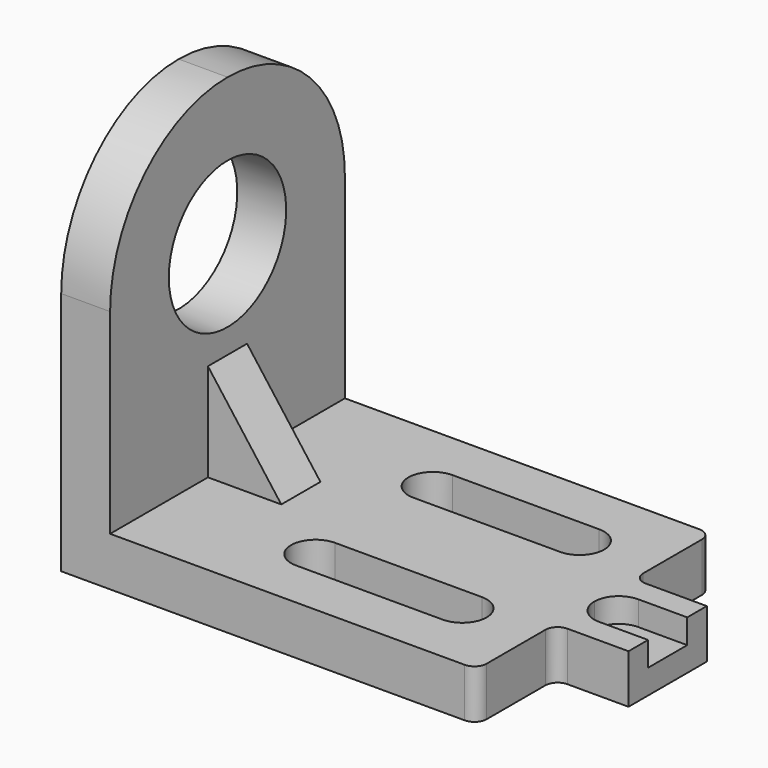
from build123d import *

# Parameters (mm, degrees)
F1_DEPTH = 12.7
F2_DEPTH = 12.7
F3_R     = 38.1
F4_DEPTH = 25.4
F6_START = -63.5
F6_DEPTH = 25.4


with BuildPart() as f1:
    # F0 (on Top) → F1 (new body, symmetric)
    with BuildSketch(Plane.XY):
        with BuildLine():
            Line((0, 152.4), (0, 0))
            Line((0, 0), (101.6, 0))
            Line((101.6, 0), (209.55, 0))
            ThreePointArc((209.55, 0), (214.040128, 1.859872), (215.9, 6.35))
            Line((215.9, 6.35), (215.9, 44.45))
            ThreePointArc((215.9, 44.45), (217.759872, 48.940128), (222.25, 50.8))
            Line((222.25, 50.8), (254, 50.8))
            Line((254, 50.8), (254, 63.5))
            Line((254, 63.5), (228.6, 63.5))
            ThreePointArc((228.6, 63.5), (219.619744, 67.219744), (215.9, 76.2))
            ThreePointArc((215.9, 76.2), (219.619744, 85.180256), (228.6, 88.9))
            Line((228.6, 88.9), (254, 88.9))
            Line((254, 88.9), (254, 101.6))
            Line((254, 101.6), (222.25, 101.6))
            ThreePointArc((222.25, 101.6), (217.759872, 103.459872), (215.9, 107.95))
            Line((215.9, 107.95), (215.9, 146.05))
            ThreePointArc((215.9, 146.05), (214.040128, 150.540128), (209.55, 152.4))
            Line((209.55, 152.4), (101.6, 152.4))
            Line((101.6, 152.4), (0, 152.4))
        make_face()
        with BuildLine():
            Line((177.8, 25.4), (101.6, 25.4))
            ThreePointArc((101.6, 25.4), (88.9, 38.1), (101.6, 50.8))
            Line((101.6, 50.8), (177.8, 50.8))
            ThreePointArc((177.8, 50.8), (186.780256, 47.080256), (190.5, 38.1))
            ThreePointArc((190.5, 38.1), (186.780256, 29.119744), (177.8, 25.4))
        make_face(mode=Mode.SUBTRACT)
        with BuildLine():
            ThreePointArc((101.6, 101.6), (88.9, 114.3), (101.6, 127))
            Line((101.6, 127), (177.8, 127))
            ThreePointArc((177.8, 127), (186.780256, 123.280256), (190.5, 114.3))
            ThreePointArc((190.5, 114.3), (186.780256, 105.319744), (177.8, 101.6))
            Line((177.8, 101.6), (101.6, 101.6))
        make_face(mode=Mode.SUBTRACT)
    extrude(amount=F1_DEPTH, both=True)

    # F0 (on Top) → F2 (join)
    with BuildSketch(Plane.XY):
        with BuildLine():
            Line((228.6, 63.5), (254, 63.5))
            Line((254, 63.5), (254, 88.9))
            Line((254, 88.9), (228.6, 88.9))
            ThreePointArc((228.6, 88.9), (219.619744, 85.180256), (215.9, 76.2))
            ThreePointArc((215.9, 76.2), (219.619744, 67.219744), (228.6, 63.5))
        make_face()
    extrude(amount=-F2_DEPTH)

    # F3 (on face) → F4 (join)
    with BuildSketch(Plane(origin=(0, 0, 0), x_dir=(0, -1, 0), z_dir=(-1, 0, 0))):
        with BuildLine():
            Line((-152.4, 12.7), (0, 12.7))
            Line((0, 12.7), (0, 114.3))
            ThreePointArc((0, 114.3), (-22.318463, 168.181537), (-76.2, 190.5))
            ThreePointArc((-76.2, 190.5), (-130.081537, 168.181537), (-152.4, 114.3))
            Line((-152.4, 114.3), (-152.4, 12.7))
        make_face()
        with Locations((-76.2, 114.3)):
            Circle(F3_R, mode=Mode.SUBTRACT)
    extrude(amount=-F4_DEPTH)

    # F5 (on face) → F6 (join)
    with BuildSketch(Plane.XZ.offset(F6_START)):
        Polygon((25.4, 63.5), (25.4, 12.7), (63.5, 12.7), align=None)
    extrude(amount=-F6_DEPTH)


solid = f1.part
════════════════
Problem requirements: Every line above that holds the string "extrude" should be copied out.

Task answer:
    extrude(amount=F1_DEPTH, both=True)
    extrude(amount=-F2_DEPTH)
    extrude(amount=-F4_DEPTH)
    extrude(amount=-F6_DEPTH)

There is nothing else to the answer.